Here are the last two presentations covering the Kettlebell Clean technique.
Part I covered the basic technique. Part II looked at the bottom portion and the breathing, this post looks at tightening the clean and also the top section.
We start with the Bottoms Up Clean.
The BUC is not just a party trick it is a valid training lift, you see being able to swing the bell up and catch it in an upside down (bottoms up) position requires mental focus, a strong grip and efficient technique.
I often find that those struggling to get the proper clean technique miraculously get it after a few of these.
Aside from the self correction benefits there are other advantages to this lift, especially for our combat athletes.
A common issue with the combat athletes is wrist pain, often from miss timing a strike on the heavy bag or worse hitting with a bent wrist. The stability and strength developed by the bottoms up clean is a huge boon to any fighter wanting to injury proof themselves.

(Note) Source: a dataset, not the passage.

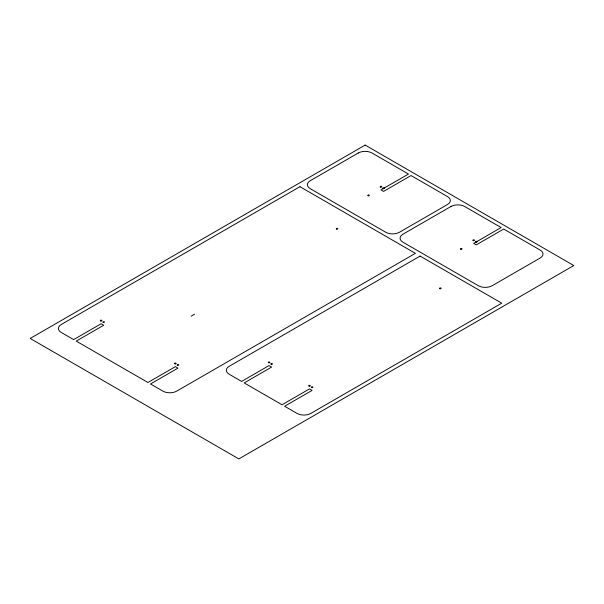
<?xml version="1.0" encoding="UTF-8"?>
<svg xmlns="http://www.w3.org/2000/svg" width="604" height="604" viewBox="0 0 604 604"><rect width="100%" height="100%" fill="white"/><g stroke="black" fill="none" stroke-linecap="round" stroke-linejoin="round"><path stroke-width="0.91" d="M191.151 316.149L194.586 314.163M365.148 145.081L30.2 338.459L238.852 458.919L573.8 265.541L365.148 145.081M299.939 186.689L61.223 324.507A9.709 5.602 0 0 0 61.223 332.434L73.658 339.614L101.117 323.767L103.699 325.254L76.24 341.101L147.927 382.491L175.379 366.636L177.961 368.13L150.509 383.978L162.944 391.158A9.709 5.602 0 0 0 176.67 391.158L415.386 253.34L299.939 186.689M358.285 153.001L310.237 180.739A9.709 5.602 0 0 0 310.237 188.667L385.737 232.253A9.709 5.602 0 0 0 399.463 232.253L447.511 204.514A9.709 5.602 0 0 0 447.511 196.594L411.052 175.545L383.593 191.393L381.011 189.905L408.47 174.05L372.011 153.001A9.709 5.602 0 0 0 358.285 153.001M450.939 206.5L402.898 234.239A9.709 5.602 0 0 0 402.898 242.166L478.398 285.752A9.709 5.602 0 0 0 492.124 285.752L540.165 258.014A9.709 5.602 0 0 0 540.165 250.086L503.706 229.037L476.254 244.892L473.672 243.397L501.131 227.549L464.665 206.5A9.709 5.602 0 0 0 450.939 206.5M420.12 256.073L229.18 366.311A9.709 5.602 0 0 0 229.18 374.238L241.615 381.418L269.067 365.571L271.649 367.058L244.197 382.913L282.038 404.763L309.497 388.908L312.079 390.403L284.62 406.25L297.055 413.43A9.709 5.602 0 0 0 310.788 413.43L501.735 303.185L420.12 256.073M460.844 249.286A0.778 0.445 0 0 0 462.015 248.901A0.778 0.445 0 0 0 460.844 248.508A0.778 0.445 0 0 0 460.844 249.286M368.146 195.772A0.778 0.445 0 0 0 369.354 195.439A0.778 0.445 0 0 0 368.236 195.001A0.778 0.445 0 0 0 368.146 195.772M439.901 288.72A0.778 0.445 0 0 0 441.109 288.38A0.778 0.445 0 0 0 439.999 287.942A0.778 0.445 0 0 0 439.901 288.72M336.639 229.105A0.778 0.445 0 0 0 337.847 228.765A0.778 0.445 0 0 0 336.738 228.327A0.778 0.445 0 0 0 336.639 229.105M174.941 363.842A0.778 0.445 0 0 0 176.157 363.502A0.778 0.445 0 0 0 175.039 363.064A0.778 0.445 0 0 0 174.941 363.842M177.523 365.329A0.778 0.445 0 0 0 178.731 364.99A0.778 0.445 0 0 0 177.621 364.559A0.778 0.445 0 0 0 177.523 365.329M100.679 320.966A0.778 0.445 0 0 0 101.887 320.626A0.778 0.445 0 0 0 100.777 320.188A0.778 0.445 0 0 0 100.679 320.966M103.261 322.453A0.778 0.445 0 0 0 104.469 322.113A0.778 0.445 0 0 0 103.36 321.683A0.778 0.445 0 0 0 103.261 322.453M309.105 386.13A0.778 0.445 0 0 0 310.275 385.737A0.778 0.445 0 0 0 309.105 385.352A0.778 0.445 0 0 0 309.105 386.13M311.641 387.602A0.778 0.445 0 0 0 312.849 387.262A0.778 0.445 0 0 0 311.739 386.824A0.778 0.445 0 0 0 311.641 387.602M268.637 362.77A0.778 0.445 0 0 0 269.845 362.43A0.778 0.445 0 0 0 268.727 361.992A0.778 0.445 0 0 0 268.637 362.77M271.211 364.257A0.778 0.445 0 0 0 272.427 363.918A0.778 0.445 0 0 0 271.309 363.487A0.778 0.445 0 0 0 271.211 364.257M475.869 242.106A0.778 0.445 0 0 0 477.032 241.721A0.778 0.445 0 0 0 475.869 241.328A0.778 0.445 0 0 0 475.869 242.106M473.287 240.618A0.778 0.445 0 0 0 474.45 240.226A0.778 0.445 0 0 0 473.287 239.841A0.778 0.445 0 0 0 473.287 240.618M383.163 188.591A0.778 0.445 0 0 0 384.37 188.252A0.778 0.445 0 0 0 383.253 187.821A0.778 0.445 0 0 0 383.163 188.591M380.58 187.104A0.778 0.445 0 0 0 381.788 186.764A0.778 0.445 0 0 0 380.679 186.326A0.778 0.445 0 0 0 380.58 187.104"/></g></svg>

Add a press onto the lift and you’ll stabilise the wrist further while integrating it with shoulder and core stability.
Have a look at the video:
We then move to the fourth clip in the series, dead start and hang cleans.
These are our upper back developers, these don;t rely on the hip to generate power but instead rely on the core and back to do the work. Make these a regular occurrence in your training and just watch your traps grow.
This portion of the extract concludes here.